→ Action item
Check every line of the entries for "ezdxf", and copy the lines that hold it.

[Stored data]
========================================================================

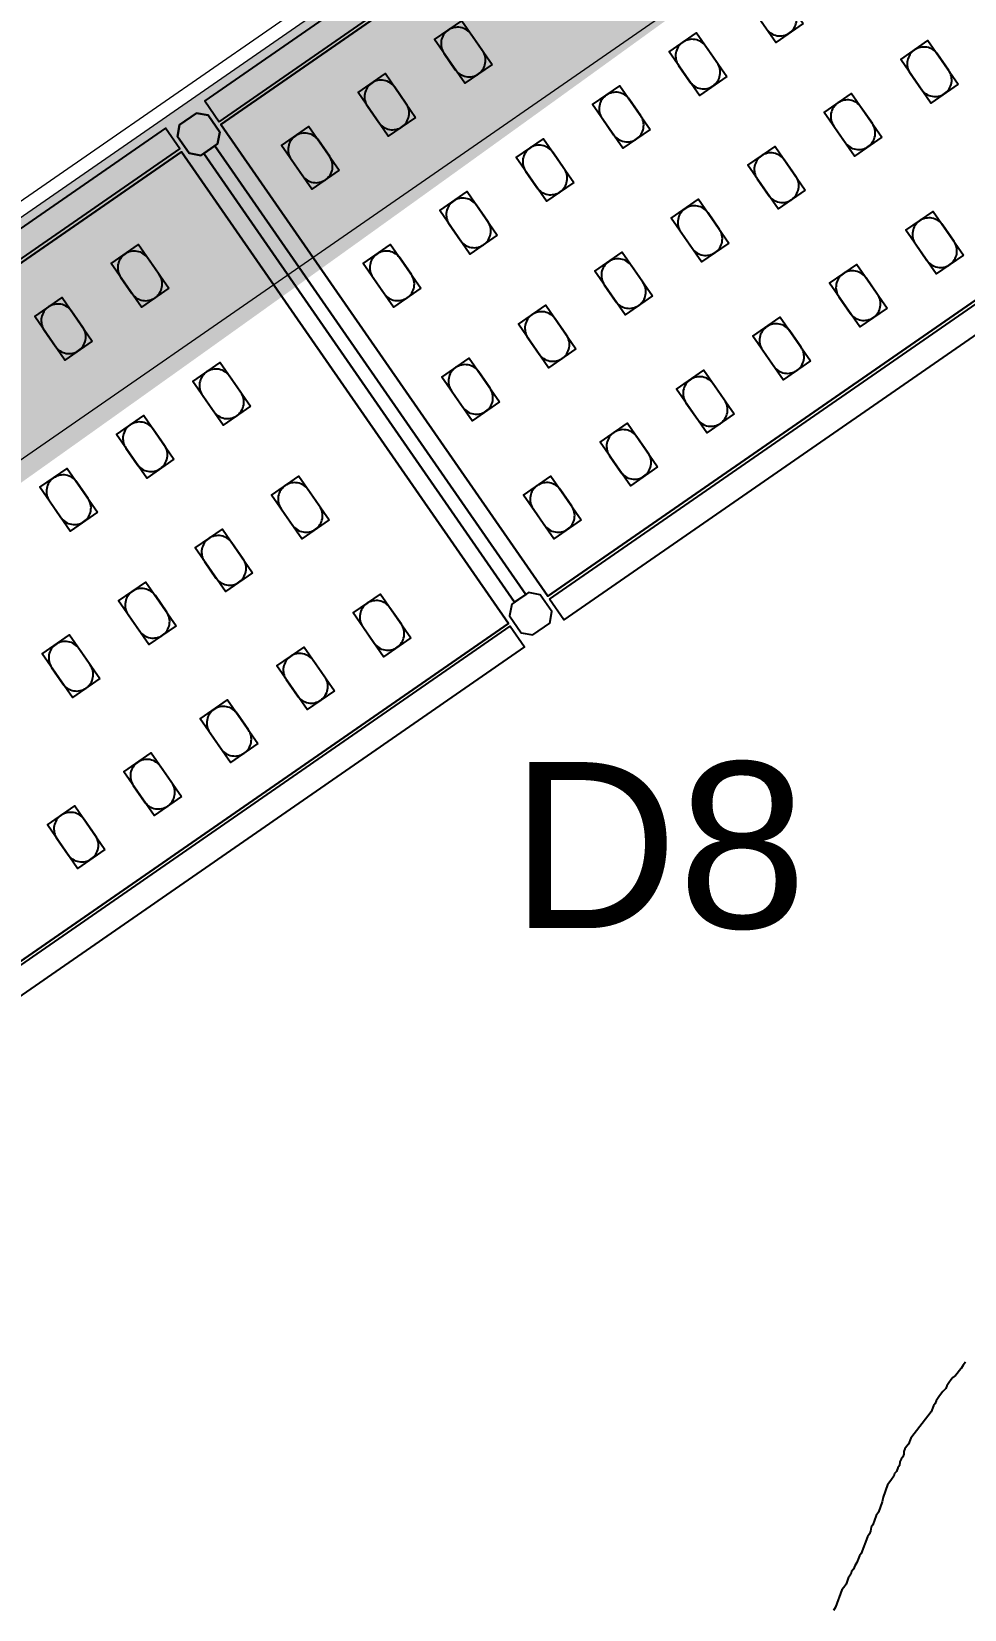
# Model space of a CAD drawing. Header units: millimetres. Extents: x 9159 to 17971, y 10368 to 13314.
# Drawn here: x 14014.1 to 14084.3, y 11922.2 to 12041 of the extents above; entities that cross this region are included whole.
import ezdxf
from ezdxf.enums import TextEntityAlignment as Align

# ---------------------------------------------------------------- set-up
doc = ezdxf.new("R2010")
doc.units = ezdxf.units.MM
doc.header["$LTSCALE"] = 5
for name, color, linetype in [('200-EquipBlack-3d', 250, 'Continuous'), ('200-EquipBorder-2d', 9, 'Continuous'), ('200-EquipID-2d', 7, 'Continuous'), ('200-EquipInternal-2d', 252, 'Continuous'), ('200-EquipSteel-3d', 9, 'Continuous'), ('600-User-2D', 7, 'Continuous')]:
    doc.layers.add(name, color=color, linetype=linetype)
doc.layers.add('200-InsPoint-3D', color=3, linetype='Continuous', plot=False)
for name, color, linetype, lineweight in [('A-DUVAR', 5, 'Continuous', 18), ('fusya-hatch', 230, 'Continuous', 0), ('SİLME  İZ', 42, 'Continuous', 0)]:
    doc.layers.add(name, color=color, linetype=linetype, lineweight=lineweight)
doc.styles.add('Arial', font='arial.ttf')
doc.styles.add('ROMANS', font='micross.ttf')

# ---------------------------------------------------------------- blocks, each defined once
blk = doc.blocks.new('BLS2580')
at = {"layer": '200-EquipBlack-3d'}
for points, elevation in [([(1155.5, -120.5), (1130.5, -120.5), (1130.5, -80.5), (1155.5, -80.5)], 1617), ([(1155.5, -120.5), (1130.5, -120.5), (1130.5, -80.5), (1155.5, -80.5)], 267), ([(1155.5, -120.5), (1130.5, -120.5), (1130.5, -80.5), (1155.5, -80.5)], 717), ([(1155.5, -120.5), (1130.5, -120.5), (1130.5, -80.5), (1155.5, -80.5)], 1167), ([(1225.5, -120.5), (1200.5, -120.5), (1200.5, -80.5), (1225.5, -80.5)], 1617), ([(1225.5, -120.5), (1200.5, -120.5), (1200.5, -80.5), (1225.5, -80.5)], 267), ([(1225.5, -120.5), (1200.5, -120.5), (1200.5, -80.5), (1225.5, -80.5)], 717), ([(1225.5, -120.5), (1200.5, -120.5), (1200.5, -80.5), (1225.5, -80.5)], 1167), ([(1381.5, -120.5), (1356.5, -120.5), (1356.5, -80.5), (1381.5, -80.5)], 1617), ([(1381.5, -120.5), (1356.5, -120.5), (1356.5, -80.5), (1381.5, -80.5)], 1167), ([(1381.5, -120.5), (1356.5, -120.5), (1356.5, -80.5), (1381.5, -80.5)], 717), ([(1381.5, -120.5), (1356.5, -120.5), (1356.5, -80.5), (1381.5, -80.5)], 267), ([(1451.5, -120.5), (1426.5, -120.5), (1426.5, -80.5), (1451.5, -80.5)], 1617), ([(1451.5, -120.5), (1426.5, -120.5), (1426.5, -80.5), (1451.5, -80.5)], 1167), ([(1451.5, -120.5), (1426.5, -120.5), (1426.5, -80.5), (1451.5, -80.5)], 717), ([(1451.5, -120.5), (1426.5, -120.5), (1426.5, -80.5), (1451.5, -80.5)], 267), ([(1521.5, -120.5), (1496.5, -120.5), (1496.5, -80.5), (1521.5, -80.5)], 1617), ([(1521.5, -120.5), (1496.5, -120.5), (1496.5, -80.5), (1521.5, -80.5)], 267), ([(1521.5, -120.5), (1496.5, -120.5), (1496.5, -80.5), (1521.5, -80.5)], 717), ([(1521.5, -120.5), (1496.5, -120.5), (1496.5, -80.5), (1521.5, -80.5)], 1167), ([(1085.5, -228.5), (1060.5, -228.5), (1060.5, -188.5), (1085.5, -188.5)], 1617), ([(1085.5, -228.5), (1060.5, -228.5), (1060.5, -188.5), (1085.5, -188.5)], 267), ([(1085.5, -228.5), (1060.5, -228.5), (1060.5, -188.5), (1085.5, -188.5)], 717), ([(1085.5, -228.5), (1060.5, -228.5), (1060.5, -188.5), (1085.5, -188.5)], 1167), ([(1155.5, -228.5), (1130.5, -228.5), (1130.5, -188.5), (1155.5, -188.5)], 1617), ([(1155.5, -228.5), (1130.5, -228.5), (1130.5, -188.5), (1155.5, -188.5)], 267), ([(1155.5, -228.5), (1130.5, -228.5), (1130.5, -188.5), (1155.5, -188.5)], 717), ([(1155.5, -228.5), (1130.5, -228.5), (1130.5, -188.5), (1155.5, -188.5)], 1167), ([(1225.5, -228.5), (1200.5, -228.5), (1200.5, -188.5), (1225.5, -188.5)], 1617), ([(1225.5, -228.5), (1200.5, -228.5), (1200.5, -188.5), (1225.5, -188.5)], 267), ([(1225.5, -228.5), (1200.5, -228.5), (1200.5, -188.5), (1225.5, -188.5)], 717), ([(1225.5, -228.5), (1200.5, -228.5), (1200.5, -188.5), (1225.5, -188.5)], 1167), ([(1381.5, -228.5), (1356.5, -228.5), (1356.5, -188.5), (1381.5, -188.5)], 1617), ([(1381.5, -228.5), (1356.5, -228.5), (1356.5, -188.5), (1381.5, -188.5)], 1167), ([(1381.5, -228.5), (1356.5, -228.5), (1356.5, -188.5), (1381.5, -188.5)], 717), ([(1381.5, -228.5), (1356.5, -228.5), (1356.5, -188.5), (1381.5, -188.5)], 267), ([(1451.5, -228.5), (1426.5, -228.5), (1426.5, -188.5), (1451.5, -188.5)], 1617), ([(1451.5, -228.5), (1426.5, -228.5), (1426.5, -188.5), (1451.5, -188.5)], 1167), ([(1451.5, -228.5), (1426.5, -228.5), (1426.5, -188.5), (1451.5, -188.5)], 717), ([(1451.5, -228.5), (1426.5, -228.5), (1426.5, -188.5), (1451.5, -188.5)], 267), ([(1521.5, -228.5), (1496.5, -228.5), (1496.5, -188.5), (1521.5, -188.5)], 1617), ([(1521.5, -228.5), (1496.5, -228.5), (1496.5, -188.5), (1521.5, -188.5)], 267), ([(1521.5, -228.5), (1496.5, -228.5), (1496.5, -188.5), (1521.5, -188.5)], 717), ([(1521.5, -228.5), (1496.5, -228.5), (1496.5, -188.5), (1521.5, -188.5)], 1167), ([(1591.5, -228.5), (1566.5, -228.5), (1566.5, -188.5), (1591.5, -188.5)], 1617), ([(1591.5, -228.5), (1566.5, -228.5), (1566.5, -188.5), (1591.5, -188.5)], 267), ([(1591.5, -228.5), (1566.5, -228.5), (1566.5, -188.5), (1591.5, -188.5)], 717), ([(1591.5, -228.5), (1566.5, -228.5), (1566.5, -188.5), (1591.5, -188.5)], 1167), ([(1661.5, -228.5), (1636.5, -228.5), (1636.5, -188.5), (1661.5, -188.5)], 1617), ([(1661.5, -228.5), (1636.5, -228.5), (1636.5, -188.5), (1661.5, -188.5)], 267), ([(1661.5, -228.5), (1636.5, -228.5), (1636.5, -188.5), (1661.5, -188.5)], 717), ([(1661.5, -228.5), (1636.5, -228.5), (1636.5, -188.5), (1661.5, -188.5)], 1167), ([(1731.5, -228.5), (1706.5, -228.5), (1706.5, -188.5), (1731.5, -188.5)], 1617), ([(1731.5, -228.5), (1706.5, -228.5), (1706.5, -188.5), (1731.5, -188.5)], 267), ([(1731.5, -228.5), (1706.5, -228.5), (1706.5, -188.5), (1731.5, -188.5)], 717), ([(1731.5, -228.5), (1706.5, -228.5), (1706.5, -188.5), (1731.5, -188.5)], 1167), ([(1015.5, -332.5), (990.5, -332.5), (990.5, -292.5), (1015.5, -292.5)], 1617), ([(1015.5, -332.5), (990.5, -332.5), (990.5, -292.5), (1015.5, -292.5)], 267), ([(1015.5, -332.5), (990.5, -332.5), (990.5, -292.5), (1015.5, -292.5)], 717), ([(1015.5, -332.5), (990.5, -332.5), (990.5, -292.5), (1015.5, -292.5)], 1167), ([(1085.5, -332.5), (1060.5, -332.5), (1060.5, -292.5), (1085.5, -292.5)], 1617), ([(1085.5, -332.5), (1060.5, -332.5), (1060.5, -292.5), (1085.5, -292.5)], 267), ([(1085.5, -332.5), (1060.5, -332.5), (1060.5, -292.5), (1085.5, -292.5)], 717), ([(1085.5, -332.5), (1060.5, -332.5), (1060.5, -292.5), (1085.5, -292.5)], 1167), ([(1155.5, -332.5), (1130.5, -332.5), (1130.5, -292.5), (1155.5, -292.5)], 1617), ([(1155.5, -332.5), (1130.5, -332.5), (1130.5, -292.5), (1155.5, -292.5)], 267), ([(1155.5, -332.5), (1130.5, -332.5), (1130.5, -292.5), (1155.5, -292.5)], 717), ([(1155.5, -332.5), (1130.5, -332.5), (1130.5, -292.5), (1155.5, -292.5)], 1167), ([(1225.5, -332.5), (1200.5, -332.5), (1200.5, -292.5), (1225.5, -292.5)], 1617), ([(1225.5, -332.5), (1200.5, -332.5), (1200.5, -292.5), (1225.5, -292.5)], 267), ([(1225.5, -332.5), (1200.5, -332.5), (1200.5, -292.5), (1225.5, -292.5)], 717), ([(1225.5, -332.5), (1200.5, -332.5), (1200.5, -292.5), (1225.5, -292.5)], 1167), ([(1381.5, -332.5), (1356.5, -332.5), (1356.5, -292.5), (1381.5, -292.5)], 1617), ([(1381.5, -332.5), (1356.5, -332.5), (1356.5, -292.5), (1381.5, -292.5)], 1167), ([(1381.5, -332.5), (1356.5, -332.5), (1356.5, -292.5), (1381.5, -292.5)], 717), ([(1381.5, -332.5), (1356.5, -332.5), (1356.5, -292.5), (1381.5, -292.5)], 267), ([(1451.5, -332.5), (1426.5, -332.5), (1426.5, -292.5), (1451.5, -292.5)], 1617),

========================================================================

→ Solved problem
import ezdxf
from ezdxf.enums import TextEntityAlignment as Align
doc = ezdxf.new("R2010")
doc.units = ezdxf.units.MM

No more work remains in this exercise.